I m sure ClericJay is familiar with this German TV film. Yesterday I have watched the entire 94 minutes( the 10 parts ) from YouTube, and the scenario was very realistic. In this alternate history fiction, during the East German uprising, the Soviets make a desperate attempt to crack down on the revolution by using force, and a series of miscalculations end up causing total war. This was very plausible, and only by miracle it did not happen. Normally collapsing empires do not give up without causing trouble. But the war scenes and the scenario were very realistic.
Incidentally, since the walls of Libria are in fact from an East German military base, this movie should be interesting for EQ fans.
Thus Father and Dupont will probably come to power in the not so distant future.
I've seen the whole film in a row last week, but I did not find any time to comment until now.
No, I didn't know this film/documentary until you mentioned it. It was relaesed in 1998, when I was 9 years old. And back then I wasn't really interested in the topic and I doubt that my parents would have let me watch such a kind of movie.
But it was indeed very realistic and intriguing. The whole scenario is believable and was not only possible, but most presumable back then.

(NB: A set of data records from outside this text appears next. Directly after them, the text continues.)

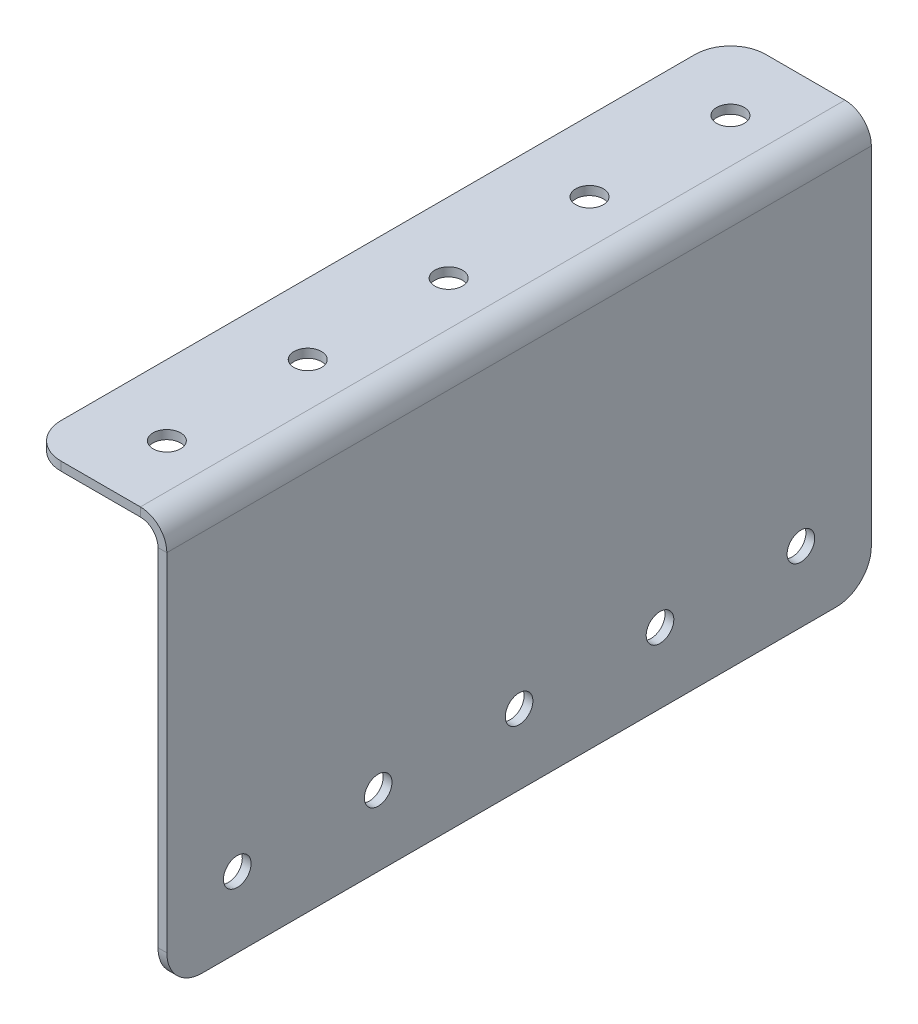
ISO-10303-21;
HEADER;
FILE_DESCRIPTION(('STEP AP214'),'2;1');
FILE_NAME('part.step','',(''),(''),'','','');
FILE_SCHEMA(('AUTOMOTIVE_DESIGN { 1 0 10303 214 1 1 1 1 }'));
ENDSEC;
DATA;
#1=APPLICATION_CONTEXT('core data for automotive mechanical design processes');
#2=APPLICATION_PROTOCOL_DEFINITION('international standard','automotive_design',2000,#1);
#3=PRODUCT_CONTEXT('',#1,'mechanical');
#4=PRODUCT('Part','Part','',(#3));
#5=PRODUCT_RELATED_PRODUCT_CATEGORY('part','',(#4));
#6=PRODUCT_DEFINITION_FORMATION('','',#4);
#7=PRODUCT_DEFINITION_CONTEXT('part definition',#1,'design');
#8=PRODUCT_DEFINITION('design','',#6,#7);
#9=PRODUCT_DEFINITION_SHAPE('','',#8);
#10=(LENGTH_UNIT() NAMED_UNIT(*) SI_UNIT(.MILLI.,.METRE.));
#11=(NAMED_UNIT(*) PLANE_ANGLE_UNIT() SI_UNIT($,.RADIAN.));
#12=(NAMED_UNIT(*) SI_UNIT($,.STERADIAN.) SOLID_ANGLE_UNIT());
#13=UNCERTAINTY_MEASURE_WITH_UNIT(LENGTH_MEASURE(1.E-05),#10,'distance_accuracy_value','');
#14=(GEOMETRIC_REPRESENTATION_CONTEXT(3) GLOBAL_UNCERTAINTY_ASSIGNED_CONTEXT((#13)) GLOBAL_UNIT_ASSIGNED_CONTEXT((#10,
#11,#12)) REPRESENTATION_CONTEXT('',''));
#15=CARTESIAN_POINT('',(0.,0.,0.));
#16=DIRECTION('',(0.,0.,1.));
#17=DIRECTION('',(1.,0.,0.));
#18=AXIS2_PLACEMENT_3D('',#15,#16,#17);
#19=CARTESIAN_POINT('',(39.6875,512.761738,-127.));
#20=DIRECTION('',(0.,1.,0.));
#21=DIRECTION('',(0.,0.,1.));
#22=AXIS2_PLACEMENT_3D('',#19,#20,#21);
#23=PLANE('',#22);
#24=DIRECTION('',(0.,0.,1.));
#25=VECTOR('',#24,1.);
#26=CARTESIAN_POINT('',(38.1,512.761738,-127.));
#27=LINE('',#26,#25);
#28=CARTESIAN_POINT('',(38.1,512.761738,-120.65));
#29=VERTEX_POINT('',#28);
#30=CARTESIAN_POINT('',(38.1,512.761738,-6.34999999999999));
#31=VERTEX_POINT('',#30);
#32=EDGE_CURVE('E218',#29,#31,#27,.T.);
#33=ORIENTED_EDGE('',*,*,#32,.F.);
#34=DIRECTION('',(1.,0.,0.));
#35=VECTOR('',#34,1.);
#36=CARTESIAN_POINT('',(39.6875,512.761738,-120.65));
#37=LINE('',#36,#35);
#38=CARTESIAN_POINT('',(39.6875,512.761738,-120.65));
#39=VERTEX_POINT('',#38);
#40=EDGE_CURVE('E272',#29,#39,#37,.T.);
#41=ORIENTED_EDGE('',*,*,#40,.T.);
#42=DIRECTION('',(0.,0.,1.));
#43=VECTOR('',#42,1.);
#44=CARTESIAN_POINT('',(39.6875,512.761738,-127.));
#45=LINE('',#44,#43);
#46=CARTESIAN_POINT('',(39.6875,512.761738,-6.34999999999999));
#47=VERTEX_POINT('',#46);
#48=EDGE_CURVE('E138',#39,#47,#45,.T.);
#49=ORIENTED_EDGE('',*,*,#48,.T.);
#50=DIRECTION('',(-1.,0.,0.));
#51=VECTOR('',#50,1.);
#52=CARTESIAN_POINT('',(39.6875,512.761738,-6.34999999999999));
#53=LINE('',#52,#51);
#54=EDGE_CURVE('E270',#47,#31,#53,.T.);
#55=ORIENTED_EDGE('',*,*,#54,.T.);
#56=EDGE_LOOP('',(#33,#41,#49,#55));
#57=FACE_BOUND('',#56,.T.);
#58=ADVANCED_FACE('F41',(#57),#23,.F.);
#59=CARTESIAN_POINT('',(39.6875000000001,581.589048146248,-127.));
#60=DIRECTION('',(0.,0.,-1.));
#61=DIRECTION('',(0.,1.,0.));
#62=AXIS2_PLACEMENT_3D('',#59,#60,#61);
#63=PLANE('',#62);
#64=DIRECTION('',(0.,1.,0.));
#65=VECTOR('',#64,1.);
#66=CARTESIAN_POINT('',(39.6875000000001,581.589048146248,-127.));
#67=LINE('',#66,#65);
#68=CARTESIAN_POINT('',(39.6875,519.111738,-127.));
#69=VERTEX_POINT('',#68);
#70=CARTESIAN_POINT('',(39.6875000000001,581.589048146248,-127.));
#71=VERTEX_POINT('',#70);
#72=EDGE_CURVE('E130',#69,#71,#67,.T.);
#73=ORIENTED_EDGE('',*,*,#72,.F.);
#74=DIRECTION('',(-1.,0.,0.));
#75=VECTOR('',#74,1.);
#76=CARTESIAN_POINT('',(39.6875,519.111738,-127.));
#77=LINE('',#76,#75);
#78=CARTESIAN_POINT('',(38.1000000000001,519.111738,-127.));
#79=VERTEX_POINT('',#78);
#80=EDGE_CURVE('E64',#69,#79,#77,.T.);
#81=ORIENTED_EDGE('',*,*,#80,.T.);
#82=DIRECTION('',(0.,1.,0.));
#83=VECTOR('',#82,1.);
#84=CARTESIAN_POINT('',(38.1000000000001,581.589048146248,-127.));
#85=LINE('',#84,#83);
#86=CARTESIAN_POINT('',(38.1000000000001,581.589048146248,-127.));
#87=VERTEX_POINT('',#86);
#88=EDGE_CURVE('E144',#79,#87,#85,.T.);
#89=ORIENTED_EDGE('',*,*,#88,.T.);
#90=DIRECTION('',(1.,0.,0.));
#91=VECTOR('',#90,1.);
#92=CARTESIAN_POINT('',(39.6875000000001,581.589048146248,-127.));
#93=LINE('',#92,#91);
#94=EDGE_CURVE('E141',#87,#71,#93,.T.);
#95=ORIENTED_EDGE('',*,*,#94,.T.);
#96=EDGE_LOOP('',(#73,#81,#89,#95));
#97=FACE_BOUND('',#96,.T.);
#98=ADVANCED_FACE('F143',(#97),#63,.T.);
#99=CARTESIAN_POINT('',(34.925,581.589048146248,-127.));
#100=DIRECTION('',(0.,0.,-1.));
#101=DIRECTION('',(-1.,0.,0.));
#102=AXIS2_PLACEMENT_3D('',#99,#100,#101);
#103=PLANE('',#102);
#104=ORIENTED_EDGE('',*,*,#94,.F.);
#105=CARTESIAN_POINT('',(34.925,581.589048146248,-127.));
#106=DIRECTION('',(0.,0.,1.));
#107=DIRECTION('',(1.,0.,0.));
#108=AXIS2_PLACEMENT_3D('',#105,#106,#107);
#109=CIRCLE('',#108,3.17500000000003);
#110=CARTESIAN_POINT('',(34.925,584.764048146248,-127.));
#111=VERTEX_POINT('',#110);
#112=EDGE_CURVE('E206',#87,#111,#109,.T.);
#113=ORIENTED_EDGE('',*,*,#112,.T.);
#114=DIRECTION('',(0.,1.,0.));
#115=VECTOR('',#114,1.);
#116=CARTESIAN_POINT('',(34.925,586.351548146248,-127.));
#117=LINE('',#116,#115);
#118=CARTESIAN_POINT('',(34.925,586.351548146248,-127.));
#119=VERTEX_POINT('',#118);
#120=EDGE_CURVE('E149',#111,#119,#117,.T.);
#121=ORIENTED_EDGE('',*,*,#120,.T.);
#122=CARTESIAN_POINT('',(34.925,581.589048146248,-127.));
#123=DIRECTION('',(0.,0.,1.));
#124=DIRECTION('',(1.,0.,0.));
#125=AXIS2_PLACEMENT_3D('',#122,#123,#124);
#126=CIRCLE('',#125,4.76250000000003);
#127=EDGE_CURVE('E152',#71,#119,#126,.T.);
#128=ORIENTED_EDGE('',*,*,#127,.F.);
#129=EDGE_LOOP('',(#104,#113,#121,#128));
#130=FACE_BOUND('',#129,.T.);
#131=ADVANCED_FACE('F153',(#130),#103,.T.);
#132=CARTESIAN_POINT('',(14.2875000000001,586.351548146248,-127.));
#133=DIRECTION('',(0.,0.,-1.));
#134=DIRECTION('',(-1.,0.,0.));
#135=AXIS2_PLACEMENT_3D('',#132,#133,#134);
#136=PLANE('',#135);
#137=DIRECTION('',(1.,0.,0.));
#138=VECTOR('',#137,1.);
#139=CARTESIAN_POINT('',(14.2875000000001,584.764048146248,-127.));
#140=LINE('',#139,#138);
#141=CARTESIAN_POINT('',(20.6375000000001,584.764048146248,-127.));
#142=VERTEX_POINT('',#141);
#143=EDGE_CURVE('E201',#111,#142,#140,.F.);
#144=ORIENTED_EDGE('',*,*,#143,.T.);
#145=DIRECTION('',(0.,1.,0.));
#146=VECTOR('',#145,1.);
#147=CARTESIAN_POINT('',(20.6375000000001,586.351548146248,-127.));
#148=LINE('',#147,#146);
#149=CARTESIAN_POINT('',(20.6375000000001,586.351548146248,-127.));
#150=VERTEX_POINT('',#149);
#151=EDGE_CURVE('E148',#142,#150,#148,.T.);
#152=ORIENTED_EDGE('',*,*,#151,.T.);
#153=DIRECTION('',(-1.,0.,0.));
#154=VECTOR('',#153,1.);
#155=CARTESIAN_POINT('',(14.2875000000001,586.351548146248,-127.));
#156=LINE('',#155,#154);
#157=EDGE_CURVE('E187',#119,#150,#156,.T.);
#158=ORIENTED_EDGE('',*,*,#157,.F.);
#159=ORIENTED_EDGE('',*,*,#120,.F.);
#160=EDGE_LOOP('',(#144,#152,#158,#159));
#161=FACE_BOUND('',#160,.T.);
#162=ADVANCED_FACE('F407',(#161),#136,.T.);
#163=CARTESIAN_POINT('',(14.2875000000001,586.351548146248,-127.));
#164=DIRECTION('',(-1.,0.,0.));
#165=DIRECTION('',(0.,0.,1.));
#166=AXIS2_PLACEMENT_3D('',#163,#164,#165);
#167=PLANE('',#166);
#168=DIRECTION('',(0.,0.,1.));
#169=VECTOR('',#168,1.);
#170=CARTESIAN_POINT('',(14.2875000000001,586.351548146248,-127.));
#171=LINE('',#170,#169);
#172=CARTESIAN_POINT('',(14.2875000000001,586.351548146248,-120.65));
#173=VERTEX_POINT('',#172);
#174=CARTESIAN_POINT('',(14.2875000000001,586.351548146248,-6.34999999999999));
#175=VERTEX_POINT('',#174);
#176=EDGE_CURVE('E190',#173,#175,#171,.T.);
#177=ORIENTED_EDGE('',*,*,#176,.F.);
#178=DIRECTION('',(0.,1.,0.));
#179=VECTOR('',#178,1.);
#180=CARTESIAN_POINT('',(14.2875000000001,586.351548146248,-120.65));
#181=LINE('',#180,#179);
#182=CARTESIAN_POINT('',(14.2875000000001,584.764048146248,-120.65));
#183=VERTEX_POINT('',#182);
#184=EDGE_CURVE('E264',#173,#183,#181,.F.);
#185=ORIENTED_EDGE('',*,*,#184,.T.);
#186=DIRECTION('',(0.,0.,1.));
#187=VECTOR('',#186,1.);
#188=CARTESIAN_POINT('',(14.2875000000001,584.764048146248,-127.));
#189=LINE('',#188,#187);
#190=CARTESIAN_POINT('',(14.2875000000001,584.764048146248,-6.34999999999999));
#191=VERTEX_POINT('',#190);
#192=EDGE_CURVE('E207',#183,#191,#189,.T.);
#193=ORIENTED_EDGE('',*,*,#192,.T.);
#194=DIRECTION('',(0.,-1.,0.));
#195=VECTOR('',#194,1.);
#196=CARTESIAN_POINT('',(14.2875000000001,586.351548146248,-6.34999999999999));
#197=LINE('',#196,#195);
#198=EDGE_CURVE('E261',#191,#175,#197,.F.);
#199=ORIENTED_EDGE('',*,*,#198,.T.);
#200=EDGE_LOOP('',(#177,#185,#193,#199));
#201=FACE_BOUND('',#200,.T.);
#202=ADVANCED_FACE('F418',(#201),#167,.T.);
#203=CARTESIAN_POINT('',(14.2875000000001,586.351548146248,0.));
#204=DIRECTION('',(0.,0.,-1.));
#205=DIRECTION('',(-1.,0.,0.));
#206=AXIS2_PLACEMENT_3D('',#203,#204,#205);
#207=PLANE('',#206);
#208=DIRECTION('',(-1.,0.,0.));
#209=VECTOR('',#208,1.);
#210=CARTESIAN_POINT('',(14.2875000000001,586.351548146248,0.));
#211=LINE('',#210,#209);
#212=CARTESIAN_POINT('',(34.925,586.351548146248,0.));
#213=VERTEX_POINT('',#212);
#214=CARTESIAN_POINT('',(20.6375000000001,586.351548146248,0.));
#215=VERTEX_POINT('',#214);
#216=EDGE_CURVE('E182',#213,#215,#211,.T.);
#217=ORIENTED_EDGE('',*,*,#216,.T.);
#218=DIRECTION('',(0.,1.,0.));
#219=VECTOR('',#218,1.);
#220=CARTESIAN_POINT('',(20.6375000000001,586.351548146248,0.));
#221=LINE('',#220,#219);
#222=CARTESIAN_POINT('',(20.6375000000001,584.764048146248,0.));
#223=VERTEX_POINT('',#222);
#224=EDGE_CURVE('E11',#215,#223,#221,.F.);
#225=ORIENTED_EDGE('',*,*,#224,.T.);
#226=DIRECTION('',(1.,0.,0.));
#227=VECTOR('',#226,1.);
#228=CARTESIAN_POINT('',(14.2875000000001,584.764048146248,0.));
#229=LINE('',#228,#227);
#230=CARTESIAN_POINT('',(34.925,584.764048146248,0.));
#231=VERTEX_POINT('',#230);
#232=EDGE_CURVE('E202',#231,#223,#229,.F.);
#233=ORIENTED_EDGE('',*,*,#232,.F.);
#234=DIRECTION('',(0.,1.,0.));
#235=VECTOR('',#234,1.);
#236=CARTESIAN_POINT('',(34.925,586.351548146248,0.));
#237=LINE('',#236,#235);
#238=EDGE_CURVE('E250',#231,#213,#237,.T.);
#239=ORIENTED_EDGE('',*,*,#238,.T.);
#240=EDGE_LOOP('',(#217,#225,#233,#239));
#241=FACE_BOUND('',#240,.T.);
#242=ADVANCED_FACE('F422',(#241),#207,.F.);
#243=CARTESIAN_POINT('',(34.925,581.589048146248,0.));
#244=DIRECTION('',(0.,0.,-1.));
#245=DIRECTION('',(-1.,0.,0.));
#246=AXIS2_PLACEMENT_3D('',#243,#244,#245);
#247=PLANE('',#246);
#248=ORIENTED_EDGE('',*,*,#238,.F.);
#249=CARTESIAN_POINT('',(34.925,581.589048146248,0.));
#250=DIRECTION('',(0.,0.,1.));
#251=DIRECTION('',(1.,0.,0.));
#252=AXIS2_PLACEMENT_3D('',#249,#250,#251);
#253=CIRCLE('',#252,3.17500000000003);
#254=CARTESIAN_POINT('',(38.1000000000001,581.589048146248,0.));
#255=VERTEX_POINT('',#254);
#256=EDGE_CURVE('E203',#255,#231,#253,.T.);
#257=ORIENTED_EDGE('',*,*,#256,.F.);
#258=DIRECTION('',(1.,0.,0.));
#259=VECTOR('',#258,1.);
#260=CARTESIAN_POINT('',(39.6875000000001,581.589048146248,0.));
#261=LINE('',#260,#259);
#262=CARTESIAN_POINT('',(39.6875000000001,581.589048146248,0.));
#263=VERTEX_POINT('',#262);
#264=EDGE_CURVE('E158',#255,#263,#261,.T.);
#265=ORIENTED_EDGE('',*,*,#264,.T.);
#266=CARTESIAN_POINT('',(34.925,581.589048146248,0.));
#267=DIRECTION('',(0.,0.,1.));
#268=DIRECTION('',(1.,0.,0.));
#269=AXIS2_PLACEMENT_3D('',#266,#267,#268);
#270=CIRCLE('',#269,4.76250000000003);
#271=EDGE_CURVE('E159',#263,#213,#270,.T.);
#272=ORIENTED_EDGE('',*,*,#271,.T.);
#273=EDGE_LOOP('',(#248,#257,#265,#272));
#274=FACE_BOUND('',#273,.T.);
#275=ADVANCED_FACE('F385',(#274),#247,.F.);
#276=CARTESIAN_POINT('',(39.6875,525.461738,-12.7));
#277=DIRECTION('',(1.,0.,0.));
#278=DIRECTION('',(0.,1.,0.));
#279=AXIS2_PLACEMENT_3D('',#276,#277,#278);
#280=CYLINDRICAL_SURFACE('',#279,2.48919999999996);
#281=CARTESIAN_POINT('',(39.6875,525.461738,-12.7));
#282=DIRECTION('',(1.,0.,0.));
#283=DIRECTION('',(0.,1.,0.));
#284=AXIS2_PLACEMENT_3D('',#281,#282,#283);
#285=CIRCLE('',#284,2.48919999999996);
#286=CARTESIAN_POINT('',(39.6875,527.950938,-12.7));
#287=VERTEX_POINT('',#286);
#288=EDGE_CURVE('E216',#287,#287,#285,.T.);
#289=ORIENTED_EDGE('',*,*,#288,.T.);
#290=EDGE_LOOP('',(#289));
#291=FACE_BOUND('',#290,.T.);
#292=CARTESIAN_POINT('',(38.1,525.461738,-12.7));
#293=DIRECTION('',(1.,0.,0.));
#294=DIRECTION('',(0.,1.,0.));
#295=AXIS2_PLACEMENT_3D('',#292,#293,#294);
#296=CIRCLE('',#295,2.48919999999996);
#297=CARTESIAN_POINT('',(38.1,527.950938,-12.7));
#298=VERTEX_POINT('',#297);
#299=EDGE_CURVE('E236',#298,#298,#296,.T.);
#300=ORIENTED_EDGE('',*,*,#299,.F.);
#301=EDGE_LOOP('',(#300));
#302=FACE_BOUND('',#301,.T.);
#303=ADVANCED_FACE('F306',(#291,#302),#280,.F.);
#304=CARTESIAN_POINT('',(39.6875,525.461738,-38.1));
#305=DIRECTION('',(1.,0.,0.));
#306=DIRECTION('',(0.,1.,0.));
#307=AXIS2_PLACEMENT_3D('',#304,#305,#306);
#308=CYLINDRICAL_SURFACE('',#307,2.48919999999996);
#309=CARTESIAN_POINT('',(39.6875,525.461738,-38.1));
#310=DIRECTION('',(1.,0.,0.));
#311=DIRECTION('',(0.,1.,0.));
#312=AXIS2_PLACEMENT_3D('',#309,#310,#311);
#313=CIRCLE('',#312,2.48919999999996);
#314=CARTESIAN_POINT('',(39.6875,527.950938,-38.1));
#315=VERTEX_POINT('',#314);
#316=EDGE_CURVE('E300',#315,#315,#313,.T.);
#317=ORIENTED_EDGE('',*,*,#316,.T.);
#318=EDGE_LOOP('',(#317));
#319=FACE_BOUND('',#318,.T.);
#320=CARTESIAN_POINT('',(38.1,525.461738,-38.1));
#321=DIRECTION('',(1.,0.,0.));
#322=DIRECTION('',(0.,1.,0.));
#323=AXIS2_PLACEMENT_3D('',#320,#321,#322);
#324=CIRCLE('',#323,2.48919999999996);
#325=CARTESIAN_POINT('',(38.1,527.950938,-38.1));
#326=VERTEX_POINT('',#325);
#327=EDGE_CURVE('E239',#326,#326,#324,.T.);
#328=ORIENTED_EDGE('',*,*,#327,.F.);
#329=EDGE_LOOP('',(#328));
#330=FACE_BOUND('',#329,.T.);
#331=ADVANCED_FACE('F384',(#319,#330),#308,.F.);
#332=CARTESIAN_POINT('',(39.6875,525.461738,-63.5));
#333=DIRECTION('',(1.,0.,0.));
#334=DIRECTION('',(0.,1.,0.));
#335=AXIS2_PLACEMENT_3D('',#332,#333,#334);
#336=CYLINDRICAL_SURFACE('',#335,2.48919999999996);
#337=CARTESIAN_POINT('',(39.6875,525.461738,-63.5));
#338=DIRECTION('',(1.,0.,0.));
#339=DIRECTION('',(0.,1.,0.));
#340=AXIS2_PLACEMENT_3D('',#337,#338,#339);
#341=CIRCLE('',#340,2.48919999999996);
#342=CARTESIAN_POINT('',(39.6875,527.950938,-63.5));
#343=VERTEX_POINT('',#342);
#344=EDGE_CURVE('E297',#343,#343,#341,.T.);
#345=ORIENTED_EDGE('',*,*,#344,.T.);
#346=EDGE_LOOP('',(#345));
#347=FACE_BOUND('',#346,.T.);
#348=CARTESIAN_POINT('',(38.1,525.461738,-63.5));
#349=DIRECTION('',(1.,0.,0.));
#350=DIRECTION('',(0.,1.,0.));
#351=AXIS2_PLACEMENT_3D('',#348,#349,#350);
#352=CIRCLE('',#351,2.48919999999996);
#353=CARTESIAN_POINT('',(38.1,527.950938,-63.5));
#354=VERTEX_POINT('',#353);
#355=EDGE_CURVE('E242',#354,#354,#352,.T.);
#356=ORIENTED_EDGE('',*,*,#355,.F.);
#357=EDGE_LOOP('',(#356));
#358=FACE_BOUND('',#357,.T.);
#359=ADVANCED_FACE('F388',(#347,#358),#336,.F.);
#360=CARTESIAN_POINT('',(39.6875,525.461738,-88.9));
#361=DIRECTION('',(1.,0.,0.));
#362=DIRECTION('',(0.,1.,0.));
#363=AXIS2_PLACEMENT_3D('',#360,#361,#362);
#364=CYLINDRICAL_SURFACE('',#363,2.48919999999996);
#365=CARTESIAN_POINT('',(39.6875,525.461738,-88.9));
#366=DIRECTION('',(1.,0.,0.));
#367=DIRECTION('',(0.,1.,0.));
#368=AXIS2_PLACEMENT_3D('',#365,#366,#367);
#369=CIRCLE('',#368,2.48919999999996);
#370=CARTESIAN_POINT('',(39.6875,527.950938,-88.9));
#371=VERTEX_POINT('',#370);
#372=EDGE_CURVE('E292',#371,#371,#369,.T.);
#373=ORIENTED_EDGE('',*,*,#372,.T.);
#374=EDGE_LOOP('',(#373));
#375=FACE_BOUND('',#374,.T.);
#376=CARTESIAN_POINT('',(38.1,525.461738,-88.9));
#377=DIRECTION('',(1.,0.,0.));
#378=DIRECTION('',(0.,1.,0.));
#379=AXIS2_PLACEMENT_3D('',#376,#377,#378);
#380=CIRCLE('',#379,2.48919999999996);
#381=CARTESIAN_POINT('',(38.1,527.950938,-88.9));
#382=VERTEX_POINT('',#381);
#383=EDGE_CURVE('E245',#382,#382,#380,.T.);
#384=ORIENTED_EDGE('',*,*,#383,.F.);
#385=EDGE_LOOP('',(#384));
#386=FACE_BOUND('',#385,.T.);
#387=ADVANCED_FACE('F326',(#375,#386),#364,.F.);
#388=CARTESIAN_POINT('',(39.6875,525.461738,-114.3));
#389=DIRECTION('',(1.,0.,0.));
#390=DIRECTION('',(0.,1.,0.));
#391=AXIS2_PLACEMENT_3D('',#388,#389,#390);
#392=CYLINDRICAL_SURFACE('',#391,2.48919999999996);
#393=CARTESIAN_POINT('',(39.6875,525.461738,-114.3));
#394=DIRECTION('',(1.,0.,0.));
#395=DIRECTION('',(0.,1.,0.));
#396=AXIS2_PLACEMENT_3D('',#393,#394,#395);
#397=CIRCLE('',#396,2.48919999999996);
#398=CARTESIAN_POINT('',(39.6875,527.950938,-114.3));
#399=VERTEX_POINT('',#398);
#400=EDGE_CURVE('E289',#399,#399,#397,.T.);
#401=ORIENTED_EDGE('',*,*,#400,.T.);
#402=EDGE_LOOP('',(#401));
#403=FACE_BOUND('',#402,.T.);
#404=CARTESIAN_POINT('',(38.1,525.461738,-114.3));
#405=DIRECTION('',(1.,0.,0.));
#406=DIRECTION('',(0.,1.,0.));
#407=AXIS2_PLACEMENT_3D('',#404,#405,#406);
#408=CIRCLE('',#407,2.48919999999996);
#409=CARTESIAN_POINT('',(38.1,527.950938,-114.3));
#410=VERTEX_POINT('',#409);
#411=EDGE_CURVE('E222',#410,#410,#408,.T.);
#412=ORIENTED_EDGE('',*,*,#411,.F.);
#413=EDGE_LOOP('',(#412));
#414=FACE_BOUND('',#413,.T.);
#415=ADVANCED_FACE('F322',(#403,#414),#392,.F.);
#416=CARTESIAN_POINT('',(26.9875000000001,586.351548146248,-114.3));
#417=DIRECTION('',(0.,1.,0.));
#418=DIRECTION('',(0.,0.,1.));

This whole miracle happened so "silently" that my parents recognized it the next day (well, my mum was in the hospital with me beeing just born).
I've seen a very good documantary about the 9th November 1989, where everything was shown in the very very detail, what happened, who was where and best of all: interviews with all important acting persons from this day, for example:
Günter Schabowski, who declared the opening of the border by accident without reading the backside of his paper, where was standing that the opening should have been restricted and happen a few days later.
en.wikipedia.org/wiki/G%C3%BCnter_SchabowskiAnd the East German Border Officer at Bornholmer Straße, who was the first to decide to open the border, after he was getting no clear orders from his headquarter about the further procedure with the masses of people coming to the checkpoint.
By the way, he's living in a town not 20km away from mine, but I need to research, where exactly. I've been thinking about visiting and talk to him.
But first I have to look the documantary again to recall his name... But no time for that these days...
The whole fall of the wall was a miracle and sometime I feel like it was for me somehow.
Living in the GDR with all these restrictions would have been... difficult for me I suppose, though many people arranged themselfs with the system, so they did not really felt "imprisoned" or something like that. (The GDR still had the highest living standard in the East-Block...)
Back to the documentary:
What impressed me most about the way it is done, is that it was so hard, sometime impossible, to destinguish between the "faked" scenes with actors and the real historic material. They combined it perfectly.
To me, understanding all three languages (more or less), the quality of monologues and language as well as acting was fascinating, especially the Russian General was very well done.
Though I must say that the few comments of the German persons/actors were quite "sketchy" translated into English subtitles, while the Russian wasn't that far away from what the subtitle was declaring...
I'm wondering where they got all these war-fighting scenes from. Unbelievably impressing, some even much more then "artifiacial" scenes from war movies.
The documantary was done by the team of Guido Knopp, who is a very famous and controversial historian. The whole film is clearly wearing his "handwriting".
en.wikipedia.org/wiki/Guido_KnoppSome say that he'd show the whole Hitler-regime too human/too positive, but I think that he's hardly trying to look at both sides as neutral as possible.
(And even Nazis were just humans and I think it's very interesting to try to find out how they became persons, who were able to do such things.)
He and his team did so many legendary documantaries for German TV and I hope they'll do much more in the future.